TASK REQUIREMENTS ->
Would you find each line in the entries below with the string "pattern" and copy it?

RECORDS SUPPLIED ->
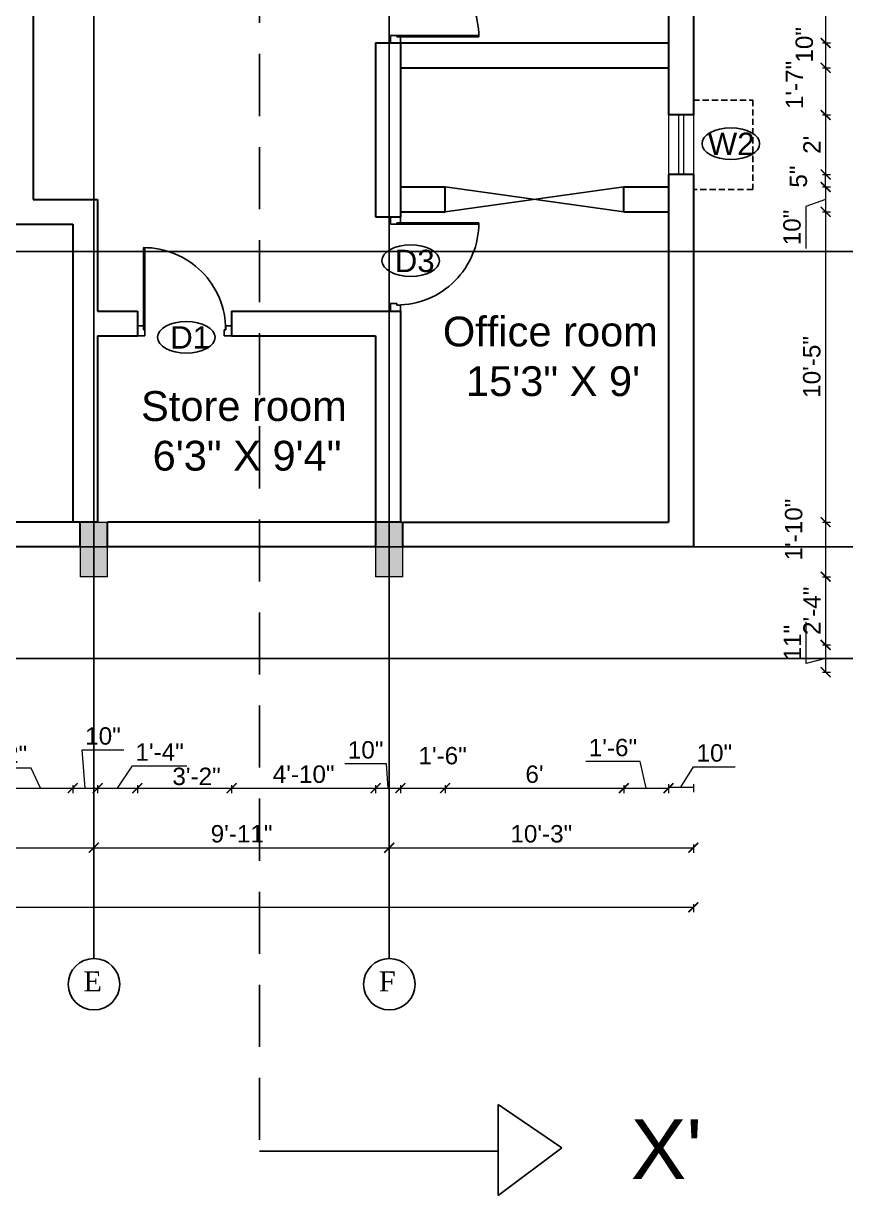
# Model space of a CAD drawing. Header units: inches. Extents: x -6800 to 96653, y -25814 to 17379.
# Drawn here: x 39613.2 to 39944.4, y 1682.5 to 2154.7 of the extents above; entities that cross this region are included whole.
import ezdxf

# ---------------------------------------------------------------- set-up
doc = ezdxf.new("R2010")
doc.units = ezdxf.units.IN
doc.header["$MEASUREMENT"] = 0
doc.header["$PDMODE"] = 34
doc.linetypes.add('CENTER2', pattern=[28.575, 19.05, -3.175, 3.175, -3.175])
doc.linetypes.add('DASHED2', pattern=[0.375, 0.25, -0.125])
for name, color, linetype, lineweight in [('dimension', 50, 'Continuous', 20), ('dimension @ 1', 50, 'Continuous', 20), ('Wall', 90, 'Continuous', 30), ('Win ele', 211, 'Continuous', 15), ('windows', 4, 'Continuous', 13)]:
    doc.layers.add(name, color=color, linetype=linetype, lineweight=lineweight)
doc.layers.add('doors', color=52, linetype='Continuous')
doc.layers.add('grid', color=251, linetype='Continuous')
doc.styles.get("Standard").update_dxf_attribs({"font": 'arial.ttf'})
doc.dimstyles.get("Standard").update_dxf_attribs({"dimtxt": 7, "dimasz": 4, "dimexe": 2, "dimexo": 2, "dimgap": 2, "dimtad": 1, "dimdec": 0, "dimzin": 0, "dimdsep": 46, "dimlunit": 4, "dimtxsty": 'Standard', "dimblk": 'ARCHTICK', "dimcen": 0.25, "dimclrd": 256, "dimclre": 256, "dimclrt": 256, "dimadec": 0, "dimazin": 0, "dimtfac": 1, "dimtdec": 0, "dimtofl": 0, "dimtmove": 0, "dimatfit": 3, "dimfxl": 1, "dimfxlon": 1, "dimtolj": 1, "dimtzin": 0, "dimlwd": -1, "dimlwe": -1, "dimarcsym": 1})

# ---------------------------------------------------------------- blocks, each defined once
blk = doc.blocks.new('_ArchTick')
at = {"color": 0, "linetype": 'ByBlock', "const_width": 0.15}
blk.add_lwpolyline([(-0.5, -0.5), (0.5, 0.5)], dxfattribs=at)
blk = doc.blocks.new('*D513')
at = {"layer": 'Defpoints', "color": 0, "transparency": 16777216}
for p in [(39257.44, 2379.36), (39984.37, 2379.36), (39257.44, 1893.36)]:
    blk.add_point(p, dxfattribs=at)
at = {"layer": 'dimension', "transparency": 16777216}
for p, q in [((39983.12, 2379.36), (39986.37, 2379.36)), ((39984.37, 1893.36), (39984.37, 2379.36)), ((39983.12, 1893.36), (39986.37, 1893.36))]:
    blk.add_line(p, q, dxfattribs=at)
at = {"layer": 'dimension', "transparency": 16777216, "xscale": 4, "yscale": 4, "zscale": 4}
for p, rotation in [((39984.37, 2379.36), 90), ((39984.37, 1893.36), 270)]:
    blk.add_blockref('_ArchTick', p, dxfattribs=dict(at, rotation=rotation))
at = {"layer": 'dimension', "transparency": 16777216, "insert": (39978.8, 2136.36), "char_height": 7, "attachment_point": 5, "rotation": 90}
blk.add_mtext('\\A1;40\'-6"', dxfattribs=at)
blk = doc.blocks.new('*D501')
at = {"layer": 'Defpoints', "color": 0, "transparency": 16777216}
for p in [(39744.44, 2289.86), (39851.44, 2146.86), (39936.37, 2146.86)]:
    blk.add_point(p, dxfattribs=at)
at = {"layer": 'dimension', "transparency": 16777216}
for p, q in [((39935.12, 2289.86), (39938.37, 2289.86)), ((39936.37, 2289.86), (39936.37, 2146.86)), ((39935.12, 2146.86), (39938.37, 2146.86))]:
    blk.add_line(p, q, dxfattribs=at)
at = {"layer": 'dimension', "transparency": 16777216, "xscale": 4, "yscale": 4, "zscale": 4}
for p, rotation in [((39936.37, 2289.86), 90), ((39936.37, 2146.86), 270)]:
    blk.add_blockref('_ArchTick', p, dxfattribs=dict(at, rotation=rotation))
at = {"layer": 'dimension', "transparency": 16777216, "insert": (39930.86, 2218.36), "char_height": 7, "attachment_point": 5, "rotation": 90}
blk.add_mtext('\\A1;11\'-11"', dxfattribs=at)
blk = doc.blocks.new('*D500')
at = {"layer": 'Defpoints', "color": 0, "transparency": 16777216}
for p in [(39851.44, 2146.86), (39851.44, 2136.86), (39936.37, 2136.86)]:
    blk.add_point(p, dxfattribs=at)
at = {"layer": 'dimension', "transparency": 16777216}
for p, q in [((39935.12, 2146.86), (39938.37, 2146.86)), ((39936.37, 2146.86), (39936.37, 2136.86)), ((39935.12, 2136.86), (39938.37, 2136.86))]:
    blk.add_line(p, q, dxfattribs=at)
at = {"layer": 'dimension', "transparency": 16777216, "xscale": 4, "yscale": 4, "zscale": 4}
for p, rotation in [((39936.37, 2146.86), 90), ((39936.37, 2136.86), 270)]:
    blk.add_blockref('_ArchTick', p, dxfattribs=dict(at, rotation=rotation))
at = {"layer": 'dimension', "transparency": 16777216, "insert": (39927.8, 2146.13), "char_height": 7, "attachment_point": 5, "rotation": 90}
blk.add_mtext('\\A1;10"', dxfattribs=at)
blk = doc.blocks.new('*D499')
at = {"layer": 'Defpoints', "color": 0, "transparency": 16777216}
for p in [(39851.44, 2136.86), (39873.07, 2117.86), (39936.37, 2117.86)]:
    blk.add_point(p, dxfattribs=at)
at = {"layer": 'dimension', "transparency": 16777216}
for p, q in [((39935.12, 2136.86), (39938.37, 2136.86)), ((39936.37, 2136.86), (39936.37, 2117.86)), ((39935.12, 2117.86), (39938.37, 2117.86))]:
    blk.add_line(p, q, dxfattribs=at)
at = {"layer": 'dimension', "transparency": 16777216, "xscale": 4, "yscale": 4, "zscale": 4}
for p, rotation in [((39936.37, 2136.86), 90), ((39936.37, 2117.86), 270)]:
    blk.add_blockref('_ArchTick', p, dxfattribs=dict(at, rotation=rotation))
at = {"layer": 'dimension', "transparency": 16777216, "insert": (39923.78, 2129.96), "char_height": 7, "attachment_point": 5, "rotation": 90}
blk.add_mtext('\\A1;1\'-7"', dxfattribs=at)
blk = doc.blocks.new('*D498')
at = {"layer": 'Defpoints', "color": 0, "transparency": 16777216}
for p in [(39873.07, 2117.86), (39873.07, 2093.86), (39936.37, 2093.86)]:
    blk.add_point(p, dxfattribs=at)
at = {"layer": 'dimension', "transparency": 16777216}
for p, q in [((39935.12, 2117.86), (39938.37, 2117.86)), ((39936.37, 2117.86), (39936.37, 2093.86)), ((39935.12, 2093.86), (39938.37, 2093.86))]:
    blk.add_line(p, q, dxfattribs=at)
at = {"layer": 'dimension', "transparency": 16777216, "xscale": 4, "yscale": 4, "zscale": 4}
for p, rotation in [((39936.37, 2117.86), 90), ((39936.37, 2093.86), 270)]:
    blk.add_blockref('_ArchTick', p, dxfattribs=dict(at, rotation=rotation))
at = {"layer": 'dimension', "transparency": 16777216, "insert": (39930.86, 2105.86), "char_height": 7, "attachment_point": 5, "rotation": 90}
blk.add_mtext("\\A1;2'", dxfattribs=at)
blk = doc.blocks.new('*D497')
at = {"layer": 'Defpoints', "color": 0, "transparency": 16777216}
for p in [(39855.07, 2088.86), (39855.07, 2078.86), (39936.37, 2078.86)]:
    blk.add_point(p, dxfattribs=at)
at = {"layer": 'dimension', "transparency": 16777216}
for p, q in [((39935.12, 2088.86), (39938.37, 2088.86)), ((39936.37, 2088.86), (39936.37, 2078.86)), ((39936.37, 2083.86), (39928.42, 2080.95)), ((39928.42, 2080.95), (39928.42, 2064.13)), ((39935.12, 2078.86), (39938.37, 2078.86))]:
    blk.add_line(p, q, dxfattribs=at)
at = {"layer": 'dimension', "transparency": 16777216, "xscale": 4, "yscale": 4, "zscale": 4}
for p, rotation in [((39936.37, 2088.86), 90), ((39936.37, 2078.86), 270)]:
    blk.add_blockref('_ArchTick', p, dxfattribs=dict(at, rotation=rotation))
at = {"layer": 'dimension', "transparency": 16777216, "insert": (39922.85, 2072.54), "char_height": 7, "attachment_point": 5, "rotation": 90}
blk.add_mtext('\\A1;10"', dxfattribs=at)
blk = doc.blocks.new('*D496')
at = {"layer": 'Defpoints', "color": 0, "transparency": 16777216}
for p in [(39855.07, 2078.86), (39873.07, 1953.86), (39936.37, 1953.86)]:
    blk.add_point(p, dxfattribs=at)
at = {"layer": 'dimension', "transparency": 16777216}
for p, q in [((39935.12, 2078.86), (39938.37, 2078.86)), ((39936.37, 2078.86), (39936.37, 1953.86)), ((39935.12, 1953.86), (39938.37, 1953.86))]:
    blk.add_line(p, q, dxfattribs=at)
at = {"layer": 'dimension', "transparency": 16777216, "xscale": 4, "yscale": 4, "zscale": 4}
for p, rotation in [((39936.37, 2078.86), 90), ((39936.37, 1953.86), 270)]:
    blk.add_blockref('_ArchTick', p, dxfattribs=dict(at, rotation=rotation))
at = {"layer": 'dimension', "transparency": 16777216, "insert": (39930.8, 2016.36), "char_height": 7, "attachment_point": 5, "rotation": 90}
blk.add_mtext('\\A1;10\'-5"', dxfattribs=at)
blk = doc.blocks.new('*D495')
at = {"layer": 'Defpoints', "color": 0, "transparency": 16777216}
for p in [(39755.07, 1953.86), (39755.07, 1931.86), (39936.37, 1931.86)]:
    blk.add_point(p, dxfattribs=at)
at = {"layer": 'dimension', "transparency": 16777216}
for p, q in [((39935.12, 1953.86), (39938.37, 1953.86)), ((39936.37, 1953.86), (39936.37, 1931.86)), ((39935.12, 1931.86), (39938.37, 1931.86))]:
    blk.add_line(p, q, dxfattribs=at)
at = {"layer": 'dimension', "transparency": 16777216, "xscale": 4, "yscale": 4, "zscale": 4}
for p, rotation in [((39936.37, 1953.86), 90), ((39936.37, 1931.86), 270)]:
    blk.add_blockref('_ArchTick', p, dxfattribs=dict(at, rotation=rotation))
at = {"layer": 'dimension', "transparency": 16777216, "insert": (39923.52, 1950.83), "char_height": 7, "attachment_point": 5, "rotation": 90}
blk.add_mtext('\\A1;1\'-10"', dxfattribs=at)
blk = doc.blocks.new('*D494')
at = {"layer": 'Defpoints', "color": 0, "transparency": 16777216}
for p in [(39647.07, 1931.86), (39268.44, 1904.36), (39936.37, 1904.36)]:
    blk.add_point(p, dxfattribs=at)
at = {"layer": 'dimension', "transparency": 16777216}
for p, q in [((39935.12, 1931.86), (39938.37, 1931.86)), ((39936.37, 1931.86), (39936.37, 1904.36)), ((39935.12, 1904.36), (39938.37, 1904.36))]:
    blk.add_line(p, q, dxfattribs=at)
at = {"layer": 'dimension', "transparency": 16777216, "xscale": 4, "yscale": 4, "zscale": 4}
for p, rotation in [((39936.37, 1931.86), 90), ((39936.37, 1904.36), 270)]:
    blk.add_blockref('_ArchTick', p, dxfattribs=dict(at, rotation=rotation))
at = {"layer": 'dimension', "transparency": 16777216, "insert": (39930.86, 1918.11), "char_height": 7, "attachment_point": 5, "rotation": 90}
blk.add_mtext('\\A1;2\'-4"', dxfattribs=at)
blk = doc.blocks.new('*D493')
at = {"layer": 'Defpoints', "color": 0, "transparency": 16777216}
for p in [(39268.44, 1904.36), (39268.44, 1893.36), (39936.37, 1893.36)]:
    blk.add_point(p, dxfattribs=at)
at = {"layer": 'dimension', "transparency": 16777216}
for p, q in [((39928.5, 1896.86), (39928.5, 1913.69)), ((39935.12, 1904.36), (39938.37, 1904.36)), ((39936.37, 1904.36), (39936.37, 1893.36)), ((39936.37, 1898.86), (39928.5, 1896.86)), ((39935.12, 1893.36), (39938.37, 1893.36))]:
    blk.add_line(p, q, dxfattribs=at)
at = {"layer": 'dimension', "transparency": 16777216, "xscale": 4, "yscale": 4, "zscale": 4}
for p, rotation in [((39936.37, 1904.36), 90), ((39936.37, 1893.36), 270)]:
    blk.add_blockref('_ArchTick', p, dxfattribs=dict(at, rotation=rotation))
at = {"layer": 'dimension', "transparency": 16777216, "insert": (39922.98, 1905.27), "char_height": 7, "attachment_point": 5, "rotation": 90}
blk.add_mtext('\\A1;11"', dxfattribs=at)
blk = doc.blocks.new('*D480')
at = {"layer": 'Defpoints', "color": 0, "transparency": 16777216}
for p in [(39883.07, 1943.86), (39220.07, 1904.36), (39883.07, 1798.67)]:
    blk.add_point(p, dxfattribs=at)
at = {"layer": 'dimension', "transparency": 16777216}
for p, q in [((39220.07, 1799.92), (39220.07, 1796.67)), ((39883.07, 1799.92), (39883.07, 1796.67)), ((39220.07, 1798.67), (39883.07, 1798.67))]:
    blk.add_line(p, q, dxfattribs=at)
at = {"layer": 'dimension', "transparency": 16777216, "xscale": 4, "yscale": 4, "zscale": 4, "rotation": 180}
blk.add_blockref('_ArchTick', (39220.07, 1798.67), dxfattribs=at)
at = {"layer": 'dimension', "transparency": 16777216, "xscale": 4, "yscale": 4, "zscale": 4}
blk.add_blockref('_ArchTick', (39883.07, 1798.67), dxfattribs=at)
at = {"layer": 'dimension', "transparency": 16777216, "insert": (39551.57, 1804.24), "char_height": 7, "attachment_point": 5}
blk.add_mtext('\\A1;55\'-3"', dxfattribs=at)
blk = doc.blocks.new('*D476')
at = {"layer": 'Defpoints', "color": 0, "transparency": 16777216}
for p in [(39522.57, 1949.84), (39641.57, 1949.84), (39641.57, 1822.67)]:
    blk.add_point(p, dxfattribs=at)
at = {"layer": 'dimension', "transparency": 16777216}
for p, q in [((39522.57, 1823.92), (39522.57, 1820.67)), ((39641.57, 1823.92), (39641.57, 1820.67)), ((39522.57, 1822.67), (39641.57, 1822.67))]:
    blk.add_line(p, q, dxfattribs=at)
at = {"layer": 'dimension', "transparency": 16777216, "xscale": 4, "yscale": 4, "zscale": 4, "rotation": 180}
blk.add_blockref('_ArchTick', (39522.57, 1822.67), dxfattribs=at)
at = {"layer": 'dimension', "transparency": 16777216, "xscale": 4, "yscale": 4, "zscale": 4}
blk.add_blockref('_ArchTick', (39641.57, 1822.67), dxfattribs=at)
at = {"layer": 'dimension', "transparency": 16777216, "insert": (39582.07, 1828.24), "char_height": 7, "attachment_point": 5}
blk.add_mtext('\\A1;9\'-11"', dxfattribs=at)
blk = doc.blocks.new('*D475')
at = {"layer": 'Defpoints', "color": 0, "transparency": 16777216}
for p in [(39641.57, 1949.84), (39760.57, 1949.84), (39760.57, 1822.67)]:
    blk.add_point(p, dxfattribs=at)
at = {"layer": 'dimension', "transparency": 16777216}
for p, q in [((39641.57, 1823.92), (39641.57, 1820.67)), ((39760.57, 1823.92), (39760.57, 1820.67)), ((39641.57, 1822.67), (39760.57, 1822.67))]:
    blk.add_line(p, q, dxfattribs=at)
at = {"layer": 'dimension', "transparency": 16777216, "xscale": 4, "yscale": 4, "zscale": 4, "rotation": 180}
blk.add_blockref('_ArchTick', (39641.57, 1822.67), dxfattribs=at)
at = {"layer": 'dimension', "transparency": 16777216, "xscale": 4, "yscale": 4, "zscale": 4}
blk.add_blockref('_ArchTick', (39760.57, 1822.67), dxfattribs=at)
at = {"layer": 'dimension', "transparency": 16777216, "insert": (39701.07, 1828.24), "char_height": 7, "attachment_point": 5}
blk.add_mtext('\\A1;9\'-11"', dxfattribs=at)
blk = doc.blocks.new('*D474')
at = {"layer": 'Defpoints', "color": 0, "transparency": 16777216}
for p in [(39883.07, 1961.84), (39760.57, 1949.84), (39883.07, 1822.67)]:
    blk.add_point(p, dxfattribs=at)
at = {"layer": 'dimension', "transparency": 16777216}
for p, q in [((39760.57, 1823.92), (39760.57, 1820.67)), ((39883.07, 1823.92), (39883.07, 1820.67)), ((39760.57, 1822.67), (39883.07, 1822.67))]:
    blk.add_line(p, q, dxfattribs=at)
at = {"layer": 'dimension', "transparency": 16777216, "xscale": 4, "yscale": 4, "zscale": 4, "rotation": 180}
blk.add_blockref('_ArchTick', (39760.57, 1822.67), dxfattribs=at)
at = {"layer": 'dimension', "transparency": 16777216, "xscale": 4, "yscale": 4, "zscale": 4}
blk.add_blockref('_ArchTick', (39883.07, 1822.67), dxfattribs=at)
at = {"layer": 'dimension', "transparency": 16777216, "insert": (39821.82, 1828.24), "char_height": 7, "attachment_point": 5}
blk.add_mtext('\\A1;10\'-3"', dxfattribs=at)
blk = doc.blocks.new('*D465')
at = {"layer": 'Defpoints', "color": 0, "transparency": 16777216}
for p in [(39607.07, 2091.84), (39633.07, 2073.86), (39633.07, 1846.67)]:
    blk.add_point(p, dxfattribs=at)
at = {"layer": 'dimension', "transparency": 16777216}
for p, q in [((39616.32, 1854.78), (39593.59, 1854.78)), ((39620.07, 1846.67), (39616.32, 1854.78)), ((39607.07, 1847.92), (39607.07, 1844.67)), ((39607.07, 1846.67), (39633.07, 1846.67)), ((39633.07, 1847.92), (39633.07, 1844.67))]:
    blk.add_line(p, q, dxfattribs=at)
at = {"layer": 'dimension', "transparency": 16777216, "xscale": 4, "yscale": 4, "zscale": 4, "rotation": 180}
blk.add_blockref('_ArchTick', (39607.07, 1846.67), dxfattribs=at)
at = {"layer": 'dimension', "transparency": 16777216, "xscale": 4, "yscale": 4, "zscale": 4}
blk.add_blockref('_ArchTick', (39633.07, 1846.67), dxfattribs=at)
at = {"layer": 'dimension', "transparency": 16777216, "insert": (39604.96, 1860.3), "char_height": 7, "attachment_point": 5}
blk.add_mtext('\\A1;2\'-2"', dxfattribs=at)
blk = doc.blocks.new('*D464')
at = {"layer": 'Defpoints', "color": 0, "transparency": 16777216}
for p in [(39633.07, 1971.84), (39643.07, 1971.84), (39643.07, 1846.67)]:
    blk.add_point(p, dxfattribs=at)
at = {"layer": 'dimension', "transparency": 16777216}
for p, q in [((39638.07, 1846.67), (39636.81, 1862.07)), ((39636.81, 1862.07), (39653.64, 1862.07)), ((39633.07, 1847.92), (39633.07, 1844.67)), ((39633.07, 1846.67), (39643.07, 1846.67)), ((39643.07, 1847.92), (39643.07, 1844.67))]:
    blk.add_line(p, q, dxfattribs=at)
at = {"layer": 'dimension', "transparency": 16777216, "xscale": 4, "yscale": 4, "zscale": 4, "rotation": 180}
blk.add_blockref('_ArchTick', (39633.07, 1846.67), dxfattribs=at)
at = {"layer": 'dimension', "transparency": 16777216, "xscale": 4, "yscale": 4, "zscale": 4}
blk.add_blockref('_ArchTick', (39643.07, 1846.67), dxfattribs=at)
at = {"layer": 'dimension', "transparency": 16777216, "insert": (39645.22, 1867.64), "char_height": 7, "attachment_point": 5}
blk.add_mtext('\\A1;10"', dxfattribs=at)
blk = doc.blocks.new('*D463')
at = {"layer": 'Defpoints', "color": 0, "transparency": 16777216}
for p in [(39659.07, 2038.86), (39643.07, 1971.84), (39659.07, 1846.67)]:
    blk.add_point(p, dxfattribs=at)
at = {"layer": 'dimension', "transparency": 16777216}
for p, q in [((39651.07, 1846.67), (39657.07, 1855.68)), ((39657.07, 1855.68), (39679.02, 1855.68)), ((39643.07, 1847.92), (39643.07, 1844.67)), ((39643.07, 1846.67), (39659.07, 1846.67)), ((39659.07, 1847.92), (39659.07, 1844.67))]:
    blk.add_line(p, q, dxfattribs=at)
at = {"layer": 'dimension', "transparency": 16777216, "insert": (39668.05, 1861.2), "char_height": 7, "attachment_point": 5}
blk.add_mtext('\\A1;1\'-4"', dxfattribs=at)
blk = doc.blocks.new('*D462')
at = {"layer": 'Defpoints', "color": 0, "transparency": 16777216}
for p in [(39765.07, 1953.86), (39755.07, 1949.84), (39765.07, 1846.67)]:
    blk.add_point(p, dxfattribs=at)
at = {"layer": 'dimension', "transparency": 16777216}
for p, q in [((39759.46, 1856.45), (39742.63, 1856.45)), ((39760.07, 1846.67), (39759.46, 1856.45)), ((39755.07, 1847.92), (39755.07, 1844.67)), ((39755.07, 1846.67), (39765.07, 1846.67)), ((39765.07, 1847.92), (39765.07, 1844.67))]:
    blk.add_line(p, q, dxfattribs=at)
at = {"layer": 'dimension', "transparency": 16777216, "xscale": 4, "yscale": 4, "zscale": 4, "rotation": 180}
blk.add_blockref('_ArchTick', (39755.07, 1846.67), dxfattribs=at)
at = {"layer": 'dimension', "transparency": 16777216, "xscale": 4, "yscale": 4, "zscale": 4}
blk.add_blockref('_ArchTick', (39765.07, 1846.67), dxfattribs=at)
at = {"layer": 'dimension', "transparency": 16777216, "insert": (39751.04, 1862.03), "char_height": 7, "attachment_point": 5}
blk.add_mtext('\\A1;10"', dxfattribs=at)
blk = doc.blocks.new('*D461')
at = {"layer": 'Defpoints', "color": 0, "transparency": 16777216}
for p in [(39783.07, 2078.86), (39765.07, 1953.86), (39783.07, 1846.67)]:
    blk.add_point(p, dxfattribs=at)
at = {"layer": 'dimension', "transparency": 16777216}
for p, q in [((39765.07, 1847.92), (39765.07, 1844.67)), ((39765.07, 1846.67), (39783.07, 1846.67)), ((39783.07, 1847.92), (39783.07, 1844.67))]:
    blk.add_line(p, q, dxfattribs=at)
at = {"layer": 'dimension', "transparency": 16777216, "xscale": 4, "yscale": 4, "zscale": 4, "rotation": 180}
blk.add_blockref('_ArchTick', (39765.07, 1846.67), dxfattribs=at)
at = {"layer": 'dimension', "transparency": 16777216, "xscale": 4, "yscale": 4, "zscale": 4}
blk.add_blockref('_ArchTick', (39783.07, 1846.67), dxfattribs=at)
at = {"layer": 'dimension', "transparency": 16777216, "insert": (39782.06, 1859.71), "char_height": 7, "attachment_point": 5}
blk.add_mtext('\\A1;1\'-6"', dxfattribs=at)
blk = doc.blocks.new('*D460')
at = {"layer": 'Defpoints', "color": 0, "transparency": 16777216}
for p in [(39783.07, 2088.86), (39855.07, 2088.86), (39855.07, 1846.67)]:
    blk.add_point(p, dxfattribs=at)
at = {"layer": 'dimension', "transparency": 16777216}
for p, q in [((39783.07, 1847.92), (39783.07, 1844.67)), ((39783.07, 1846.67), (39855.07, 1846.67)), ((39855.07, 1847.92), (39855.07, 1844.67))]:
    blk.add_line(p, q, dxfattribs=at)
at = {"layer": 'dimension', "transparency": 16777216, "xscale": 4, "yscale": 4, "zscale": 4, "rotation": 180}
blk.add_blockref('_ArchTick', (39783.07, 1846.67), dxfattribs=at)
at = {"layer": 'dimension', "transparency": 16777216, "xscale": 4, "yscale": 4, "zscale": 4}
blk.add_blockref('_ArchTick', (39855.07, 1846.67), dxfattribs=at)
at = {"layer": 'dimension', "transparency": 16777216, "insert": (39819.07, 1852.24), "char_height": 7, "attachment_point": 5}
blk.add_mtext("\\A1;6'", dxfattribs=at)
blk = doc.blocks.new('*D459')
at = {"layer": 'Defpoints', "color": 0, "transparency": 16777216}
for p in [(39659.07, 2038.86), (39697.07, 2038.86), (39697.07, 1846.67)]:
    blk.add_point(p, dxfattribs=at)
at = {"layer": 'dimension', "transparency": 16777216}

OUTPUT OF THE TASK ->
doc.linetypes.add('CENTER2', pattern=[28.575, 19.05, -3.175, 3.175, -3.175])
doc.linetypes.add('DASHED2', pattern=[0.375, 0.25, -0.125])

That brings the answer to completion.